» EXERCISE DATA:
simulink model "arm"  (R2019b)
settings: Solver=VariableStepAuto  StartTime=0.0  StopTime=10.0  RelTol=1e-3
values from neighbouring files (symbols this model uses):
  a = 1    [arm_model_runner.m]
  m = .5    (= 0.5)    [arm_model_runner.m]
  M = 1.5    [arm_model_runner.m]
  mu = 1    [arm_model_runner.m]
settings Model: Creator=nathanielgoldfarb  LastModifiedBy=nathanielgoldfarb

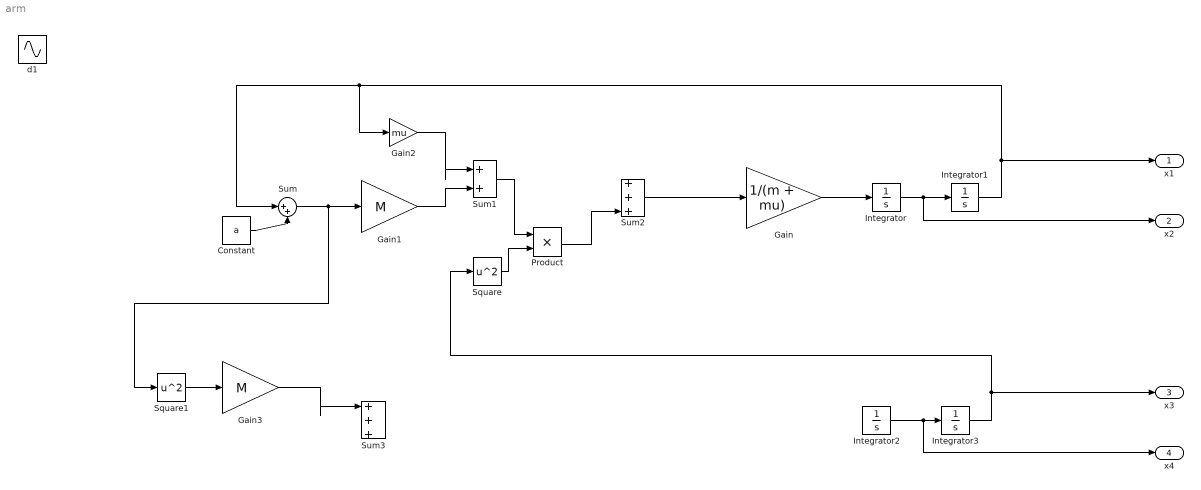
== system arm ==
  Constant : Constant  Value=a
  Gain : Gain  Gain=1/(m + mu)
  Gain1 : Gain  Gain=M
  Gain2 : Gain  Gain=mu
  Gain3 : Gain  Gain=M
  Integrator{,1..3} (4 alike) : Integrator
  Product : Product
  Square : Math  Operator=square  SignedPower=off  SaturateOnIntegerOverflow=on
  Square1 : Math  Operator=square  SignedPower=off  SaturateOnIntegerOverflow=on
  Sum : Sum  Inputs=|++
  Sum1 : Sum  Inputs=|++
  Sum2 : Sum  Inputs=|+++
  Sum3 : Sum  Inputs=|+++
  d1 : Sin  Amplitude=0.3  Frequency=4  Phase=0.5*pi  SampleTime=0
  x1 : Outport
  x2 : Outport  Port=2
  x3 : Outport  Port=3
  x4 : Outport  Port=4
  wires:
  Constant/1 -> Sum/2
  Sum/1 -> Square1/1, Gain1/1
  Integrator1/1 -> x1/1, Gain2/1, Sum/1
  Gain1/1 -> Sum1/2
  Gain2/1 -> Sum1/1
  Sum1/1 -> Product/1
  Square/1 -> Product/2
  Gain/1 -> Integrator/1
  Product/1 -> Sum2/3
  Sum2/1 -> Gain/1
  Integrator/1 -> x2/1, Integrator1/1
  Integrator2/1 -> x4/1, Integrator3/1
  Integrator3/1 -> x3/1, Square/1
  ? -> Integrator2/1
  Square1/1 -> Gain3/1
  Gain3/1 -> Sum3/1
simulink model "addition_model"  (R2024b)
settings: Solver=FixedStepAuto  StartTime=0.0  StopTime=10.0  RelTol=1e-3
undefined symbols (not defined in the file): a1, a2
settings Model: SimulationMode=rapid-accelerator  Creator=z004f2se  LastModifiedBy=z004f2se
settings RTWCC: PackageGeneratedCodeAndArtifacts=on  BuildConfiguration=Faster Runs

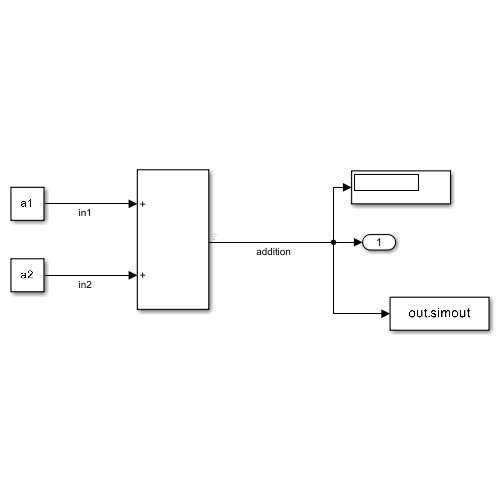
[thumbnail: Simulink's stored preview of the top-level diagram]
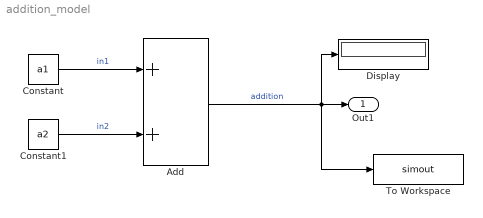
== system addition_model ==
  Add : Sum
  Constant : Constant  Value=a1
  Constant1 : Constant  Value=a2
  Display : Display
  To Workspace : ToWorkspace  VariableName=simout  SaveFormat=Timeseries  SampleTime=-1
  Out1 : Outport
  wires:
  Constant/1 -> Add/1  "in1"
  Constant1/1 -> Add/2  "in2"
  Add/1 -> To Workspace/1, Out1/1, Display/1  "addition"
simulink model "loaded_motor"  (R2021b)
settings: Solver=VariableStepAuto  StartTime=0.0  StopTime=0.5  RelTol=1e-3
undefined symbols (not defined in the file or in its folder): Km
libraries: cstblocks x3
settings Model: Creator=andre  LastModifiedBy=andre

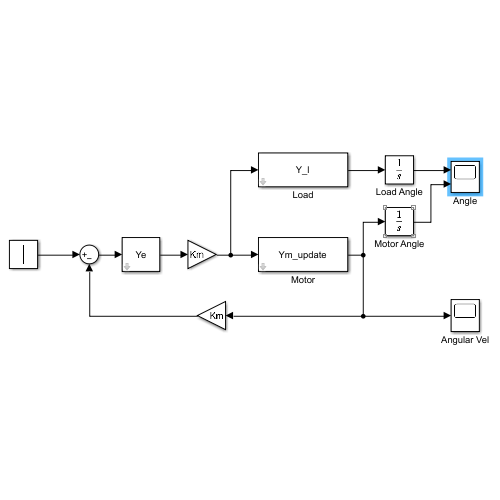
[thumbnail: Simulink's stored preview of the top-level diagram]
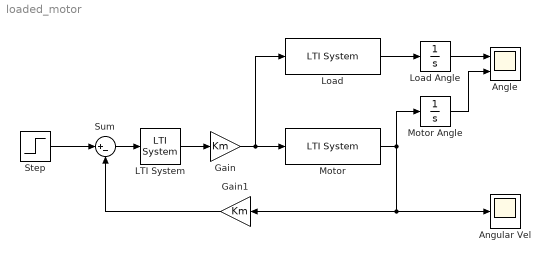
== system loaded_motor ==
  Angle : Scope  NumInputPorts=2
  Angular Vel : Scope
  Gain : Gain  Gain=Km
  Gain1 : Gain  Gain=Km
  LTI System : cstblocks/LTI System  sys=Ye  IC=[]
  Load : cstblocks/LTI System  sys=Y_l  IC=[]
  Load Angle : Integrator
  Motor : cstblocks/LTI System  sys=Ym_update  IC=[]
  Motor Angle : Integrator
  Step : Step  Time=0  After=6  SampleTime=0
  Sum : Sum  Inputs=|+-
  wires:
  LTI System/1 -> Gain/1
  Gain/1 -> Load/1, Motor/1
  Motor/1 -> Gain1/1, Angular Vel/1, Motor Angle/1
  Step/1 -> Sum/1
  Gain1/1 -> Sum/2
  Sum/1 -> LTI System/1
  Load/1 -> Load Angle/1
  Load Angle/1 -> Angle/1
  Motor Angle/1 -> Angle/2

» EXERCISE BRIEF: The output is to be the material in full and unaltered, with pictures omitted.

» YOUR RESPONSE:
simulink model "arm"  (R2019b)
settings: Solver=VariableStepAuto  StartTime=0.0  StopTime=10.0  RelTol=1e-3
values from neighbouring files (symbols this model uses):
  a = 1    [arm_model_runner.m]
  m = .5    (= 0.5)    [arm_model_runner.m]
  M = 1.5    [arm_model_runner.m]
  mu = 1    [arm_model_runner.m]
settings Model: Creator=nathanielgoldfarb  LastModifiedBy=nathanielgoldfarb

== system arm ==
  Constant : Constant  Value=a
  Gain : Gain  Gain=1/(m + mu)
  Gain1 : Gain  Gain=M
  Gain2 : Gain  Gain=mu
  Gain3 : Gain  Gain=M
  Integrator{,1..3} (4 alike) : Integrator
  Product : Product
  Square : Math  Operator=square  SignedPower=off  SaturateOnIntegerOverflow=on
  Square1 : Math  Operator=square  SignedPower=off  SaturateOnIntegerOverflow=on
  Sum : Sum  Inputs=|++
  Sum1 : Sum  Inputs=|++
  Sum2 : Sum  Inputs=|+++
  Sum3 : Sum  Inputs=|+++
  d1 : Sin  Amplitude=0.3  Frequency=4  Phase=0.5*pi  SampleTime=0
  x1 : Outport
  x2 : Outport  Port=2
  x3 : Outport  Port=3
  x4 : Outport  Port=4
  wires:
  Constant/1 -> Sum/2
  Sum/1 -> Square1/1, Gain1/1
  Integrator1/1 -> x1/1, Gain2/1, Sum/1
  Gain1/1 -> Sum1/2
  Gain2/1 -> Sum1/1
  Sum1/1 -> Product/1
  Square/1 -> Product/2
  Gain/1 -> Integrator/1
  Product/1 -> Sum2/3
  Sum2/1 -> Gain/1
  Integrator/1 -> x2/1, Integrator1/1
  Integrator2/1 -> x4/1, Integrator3/1
  Integrator3/1 -> x3/1, Square/1
  ? -> Integrator2/1
  Square1/1 -> Gain3/1
  Gain3/1 -> Sum3/1
simulink model "addition_model"  (R2024b)
settings: Solver=FixedStepAuto  StartTime=0.0  StopTime=10.0  RelTol=1e-3
undefined symbols (not defined in the file): a1, a2
settings Model: SimulationMode=rapid-accelerator  Creator=z004f2se  LastModifiedBy=z004f2se
settings RTWCC: PackageGeneratedCodeAndArtifacts=on  BuildConfiguration=Faster Runs

[thumbnail: Simulink's stored preview of the top-level diagram]
== system addition_model ==
  Add : Sum
  Constant : Constant  Value=a1
  Constant1 : Constant  Value=a2
  Display : Display
  To Workspace : ToWorkspace  VariableName=simout  SaveFormat=Timeseries  SampleTime=-1
  Out1 : Outport
  wires:
  Constant/1 -> Add/1  "in1"
  Constant1/1 -> Add/2  "in2"
  Add/1 -> To Workspace/1, Out1/1, Display/1  "addition"
simulink model "loaded_motor"  (R2021b)
settings: Solver=VariableStepAuto  StartTime=0.0  StopTime=0.5  RelTol=1e-3
undefined symbols (not defined in the file or in its folder): Km
libraries: cstblocks x3
settings Model: Creator=andre  LastModifiedBy=andre

[thumbnail: Simulink's stored preview of the top-level diagram]
== system loaded_motor ==
  Angle : Scope  NumInputPorts=2
  Angular Vel : Scope
  Gain : Gain  Gain=Km
  Gain1 : Gain  Gain=Km
  LTI System : cstblocks/LTI System  sys=Ye  IC=[]
  Load : cstblocks/LTI System  sys=Y_l  IC=[]
  Load Angle : Integrator
  Motor : cstblocks/LTI System  sys=Ym_update  IC=[]
  Motor Angle : Integrator
  Step : Step  Time=0  After=6  SampleTime=0
  Sum : Sum  Inputs=|+-
  wires:
  LTI System/1 -> Gain/1
  Gain/1 -> Load/1, Motor/1
  Motor/1 -> Gain1/1, Angular Vel/1, Motor Angle/1
  Step/1 -> Sum/1
  Gain1/1 -> Sum/2
  Sum/1 -> LTI System/1
  Load/1 -> Load Angle/1
  Load Angle/1 -> Angle/1
  Motor Angle/1 -> Angle/2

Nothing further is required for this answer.